Perhaps my strangest story of all is “A Dance to Strange Musics.” It is a compressed novel, omitting the customary touches which might make the crew of a starship more easy to identify with. Instead I play with a landscape shaped by forces that work largely behind the scenes on Earth. We live between the plates of two immense spherical capacitors, the ground and the ionosphere, so absent more powerful resources, electrodynamics could drive our world. I renounced any detail or nuance about the characters themselves. Traditionally sf contrasts the human scale and its comforts with the alien, but in this story I omitted homey human detail, showing people in a drama we cannot even in principle fathom. Hard-nosed, yes, and that’s the point.
“World Vast, World Various” is from a 1992 collaboration, Murasaki—stories set on an alien world designed by Fred Pohl and Poul Anderson. It’s a truly different planet, with three sentient species.

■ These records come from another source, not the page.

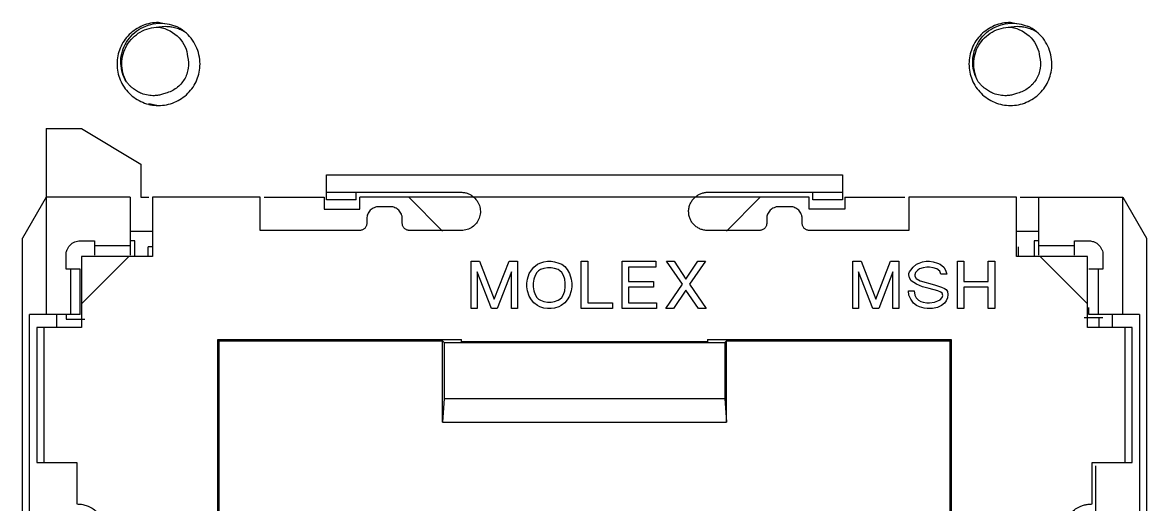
# Model space of a CAD drawing. Header units: inches. Extents: x -3.35 to 3.4, y -3.35 to 3.35.
# Drawn here: x -0.596 to 1.274, y -0.342 to 0.46 of the extents above; entities that cross this region are included whole.
import ezdxf

# ---------------------------------------------------------------- set-up
doc = ezdxf.new("R2010")
doc.units = ezdxf.units.IN
doc.header["$MEASUREMENT"] = 0

msp = doc.modelspace()

# ---------------------------------------------------------------- linework, layer by layer
at = {"color": 7, "linetype": 'Continuous', "lineweight": 25}
for p, q in [((-0.3605, 0.4576), (-0.3701, 0.4596)), ((1.0568, 0.4576), (1.0472, 0.4596)), ((-0.3861, 0.3247), (-0.3701, 0.3216)), ((-0.5571, 0.2831), (-0.5571, -0.0259)), ((-0.5571, 0.2831), (-0.498, 0.2831)), ((-0.498, 0.2831), (-0.3996, 0.2241)), ((-0.3996, 0.2241), (-0.3996, 0.1689)), ((-0.0906, 0.2063), (0.7677, 0.2063)), ((-0.0906, 0.1768), (-0.0906, 0.2063)), ((0.7677, 0.2063), (0.7677, 0.1768)), ((-0.5571, 0.1689), (-0.5965, 0.1008)), ((-0.4173, 0.1689), (-0.5571, 0.1689)), ((-0.4173, 0.1689), (-0.4173, 0.0729)), ((-0.3996, 0.1689), (-0.3865, 0.1689)), ((-0.3799, 0.1689), (-0.3799, 0.0705)), ((-0.2008, 0.1689), (-0.3799, 0.1689)), ((-0.2008, 0.1138), (-0.2008, 0.1689)), ((-0.1943, 0.1689), (-0.0945, 0.1689)), ((-0.0945, 0.1689), (-0.0945, 0.1493)), ((0.1339, 0.1768), (-0.0906, 0.1768)), ((-0.0354, 0.1493), (-0.0354, 0.1689)), ((0.7126, 0.1689), (-0.0354, 0.1689)), ((0.0463, 0.1689), (0.1024, 0.1129)), ((0.7677, 0.1768), (0.5433, 0.1768)), ((0.6309, 0.1689), (0.5748, 0.1129)), ((0.7126, 0.1493), (0.7126, 0.1689)), ((0.7717, 0.1689), (0.7717, 0.1493)), ((0.7717, 0.1689), (0.8714, 0.1689)), ((0.878, 0.1689), (0.878, 0.1138)), ((1.0571, 0.1689), (0.878, 0.1689)), ((1.0571, 0.0705), (1.0571, 0.1689)), ((1.0636, 0.1689), (1.2343, 0.1689)), ((1.0945, 0.0729), (1.0945, 0.1689)), ((1.2343, -0.0259), (1.2343, 0.1689)), ((1.2343, 0.1689), (1.2736, 0.1008)), ((-0.0413, 0.1646), (-0.0906, 0.1646)), ((0.0157, 0.1532), (-0.0039, 0.1532)), ((0.6811, 0.1532), (0.6614, 0.1532)), ((0.7677, 0.1646), (0.7185, 0.1646)), ((-0.0945, 0.1493), (-0.0354, 0.1493)), ((-0.0236, 0.1335), (-0.0236, 0.1256)), ((0.0354, 0.1256), (0.0354, 0.1335)), ((0.6417, 0.1335), (0.6417, 0.1256)), ((0.7008, 0.1256), (0.7008, 0.1335)), ((0.7717, 0.1493), (0.7126, 0.1493)), ((-0.3799, 0.1123), (-0.4173, 0.1123)), ((-0.0354, 0.1138), (-0.2008, 0.1138)), ((0.1339, 0.1138), (0.0472, 0.1138)), ((0.6299, 0.1138), (0.5433, 0.1138)), ((0.878, 0.1138), (0.7126, 0.1138)), ((1.0945, 0.1123), (1.0571, 0.1123)), ((-0.5965, -1.7208), (-0.5965, 0.1008)), ((-0.5004, 0.0965), (-0.4768, 0.0965)), ((-0.4768, 0.0965), (-0.4768, 0.0729)), ((-0.4094, 0.0965), (-0.4173, 0.0965)), ((-0.4094, 0.0705), (-0.4094, 0.0965)), ((1.0945, 0.0965), (1.0866, 0.0965)), ((1.0866, 0.0965), (1.0866, 0.0705)), ((1.1539, 0.0965), (1.1776, 0.0965)), ((1.1539, 0.0729), (1.1539, 0.0965)), ((1.2736, 0.1008), (1.2736, -1.7996)), ((-0.4768, 0.0886), (-0.4173, 0.0886)), ((-0.3871, 0.0705), (-0.3871, 0.0865)), ((-0.3799, 0.0865), (-0.3871, 0.0865)), ((1.0599, 0.0865), (1.0599, 0.0705)), ((1.0945, 0.0886), (1.1539, 0.0886)), ((-0.524, 0.0493), (-0.524, 0.0729)), ((-0.4193, 0.0705), (-0.498, -0.0082)), ((-0.498, 0.0705), (-0.498, -0.0476)), ((-0.3799, 0.0705), (-0.498, 0.0705)), ((0.1501, 0.0626), (0.1639, 0.0626)), ((0.1501, -0.0161), (0.1501, 0.0626)), ((0.1639, 0.0626), (0.1885, -0.0003)), ((0.1885, -0.0003), (0.2131, 0.0626)), ((0.2131, 0.0626), (0.2269, 0.0626)), ((0.2269, 0.0626), (0.2269, -0.0161)), ((0.2544, 0.0528), (0.2603, 0.0577)), ((0.2603, 0.0577), (0.2643, 0.0597)), ((0.2643, 0.0597), (0.2712, 0.0617)), ((0.2712, 0.0617), (0.2771, 0.0626)), ((0.2771, 0.0626), (0.283, 0.0626)), ((0.283, 0.0626), (0.2889, 0.0617)), ((0.2889, 0.0617), (0.2958, 0.0597)), ((0.2958, 0.0597), (0.3007, 0.0577)), ((0.3007, 0.0577), (0.3056, 0.0538)), ((0.3332, 0.0626), (0.344, 0.0626)), ((0.3332, -0.0161), (0.3332, 0.0626)), ((0.344, 0.0626), (0.344, -0.0063)), ((0.4011, 0.0626), (0.4572, 0.0626)), ((0.4011, -0.0161), (0.4011, 0.0626)), ((0.4572, 0.0626), (0.4572, 0.0528)), ((0.4749, 0.0626), (0.4877, 0.0626)), ((0.5015, 0.0243), (0.4749, 0.0626)), ((0.4877, 0.0626), (0.5074, 0.0331)), ((0.5074, 0.0331), (0.5271, 0.0626)), ((0.5399, 0.0626), (0.5133, 0.0243)), ((0.5271, 0.0626), (0.5399, 0.0626)), ((0.7849, 0.0626), (0.7986, 0.0626)), ((0.7849, -0.0161), (0.7849, 0.0626)), ((0.7986, 0.0626), (0.8232, -0.0003)), ((0.8232, -0.0003), (0.8478, 0.0626)), ((0.8478, 0.0626), (0.8616, 0.0626)), ((0.8616, 0.0626), (0.8616, -0.0161)), ((0.8852, 0.0528), (0.8912, 0.0577)), ((0.8912, 0.0577), (0.8951, 0.0597)), ((0.8951, 0.0597), (0.901, 0.0617)), ((0.901, 0.0617), (0.9069, 0.0626)), ((0.9069, 0.0626), (0.9128, 0.0626)), ((0.9128, 0.0626), (0.9187, 0.0617)), ((0.9187, 0.0617), (0.9256, 0.0597)), ((0.9256, 0.0597), (0.9305, 0.0577)), ((0.9305, 0.0577), (0.9364, 0.0528)), ((0.9591, 0.0626), (0.9699, 0.0626)), ((0.9591, -0.0161), (0.9591, 0.0626)), ((0.9699, 0.0626), (0.9699, 0.0292)), ((1.0102, 0.0626), (1.0211, 0.0626)), ((1.0102, 0.0292), (1.0102, 0.0626)), ((1.0211, 0.0626), (1.0211, -0.0161)), ((1.1752, 0.0705), (1.0571, 0.0705)), ((1.1752, -0.0082), (1.0965, 0.0705)), ((1.1752, -0.0476), (1.1752, 0.0705)), ((1.2012, 0.0729), (1.2012, 0.0493)), ((-0.5004, 0.0493), (-0.524, 0.0493)), ((-0.5161, -0.0259), (-0.5161, 0.0493)), ((-0.5004, -0.0259), (-0.5004, 0.0493)), ((0.1599, 0.0449), (0.1599, -0.0161)), ((0.1836, -0.0161), (0.1599, 0.0449)), ((0.217, 0.0449), (0.1934, -0.0161)), ((0.217, -0.0161), (0.217, 0.0449)), ((0.2436, 0.0331), (0.2466, 0.042)), ((0.2466, 0.042), (0.2505, 0.0479)), ((0.2505, 0.0479), (0.2544, 0.0528)), ((0.2564, 0.039), (0.2544, 0.0331)), ((0.2594, 0.0439), (0.2564, 0.039)), ((0.2623, 0.0469), (0.2594, 0.0439)), ((0.2653, 0.0489), (0.2623, 0.0469)), ((0.2712, 0.0508), (0.2653, 0.0489)), ((0.2771, 0.0518), (0.2712, 0.0508)), ((0.283, 0.0518), (0.2771, 0.0518)), ((0.2889, 0.0508), (0.283, 0.0518)), ((0.2948, 0.0489), (0.2889, 0.0508)), ((0.2977, 0.0469), (0.2948, 0.0489)), ((0.3007, 0.0439), (0.2977, 0.0469)), ((0.3036, 0.039), (0.3007, 0.0439)), ((0.3056, 0.0331), (0.3036, 0.039)), ((0.3056, 0.0538), (0.3095, 0.0489)), ((0.3095, 0.0489), (0.3135, 0.042)), ((0.3135, 0.042), (0.3164, 0.0331)), ((0.4119, 0.0528), (0.4119, 0.0292)), ((0.4572, 0.0528), (0.4119, 0.0528)), ((0.7947, 0.0449), (0.7947, -0.0161)), ((0.8183, -0.0161), (0.7947, 0.0449)), ((0.8518, 0.0449), (0.8282, -0.0161)), ((0.8518, -0.0161), (0.8518, 0.0449)), ((0.8784, 0.042), (0.8793, 0.0449)), ((0.8784, 0.04), (0.8784, 0.042)), ((0.8793, 0.0351), (0.8784, 0.04)), ((0.8793, 0.0449), (0.8813, 0.0479)), ((0.8813, 0.0479), (0.8852, 0.0528)), ((0.8892, 0.0439), (0.8882, 0.04)), ((0.8882, 0.04), (0.8882, 0.038)), ((0.8882, 0.038), (0.8902, 0.0341)), ((0.8931, 0.0479), (0.8892, 0.0439)), ((0.8961, 0.0499), (0.8931, 0.0479)), ((0.902, 0.0518), (0.8961, 0.0499)), ((0.9079, 0.0528), (0.902, 0.0518)), ((0.9128, 0.0528), (0.9079, 0.0528)), ((0.9187, 0.0518), (0.9128, 0.0528)), ((0.9246, 0.0499), (0.9187, 0.0518)), ((0.9295, 0.0459), (0.9246, 0.0499)), ((0.9315, 0.041), (0.9295, 0.0459)), ((0.9413, 0.041), (0.9315, 0.041)), ((0.9364, 0.0528), (0.9394, 0.0479)), ((0.9394, 0.0479), (0.9413, 0.041)), ((1.2012, 0.0493), (1.1776, 0.0493)), ((1.1933, 0.0493), (1.1933, -0.0259)), ((0.2426, 0.0262), (0.2436, 0.0331)), ((0.2426, 0.0203), (0.2426, 0.0262)), ((0.2436, 0.0134), (0.2426, 0.0203)), ((0.2544, 0.0331), (0.2534, 0.0262)), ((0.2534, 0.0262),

Other stories in this group are jests, problem-solvings, or other approaches. Focusing on the alien quality of our universe gets at an essential that human culture seldom confronts. “Backscatter” is one of three stories about the same character, and there may be more such.
Others of my anthologies hold many more of my 215 or so stories: In Alien Flesh (1986), Matter’s End (1995), Worlds Vast and Various (2000), Immersion and Other Short Novels (2002) and Anomalies (2012).
I enjoy short stories because they yield the core experiments of our genre. Often, ideas emerge in them first, then migrate and expand into novels. They are the pulse of our field—and fun to write, too.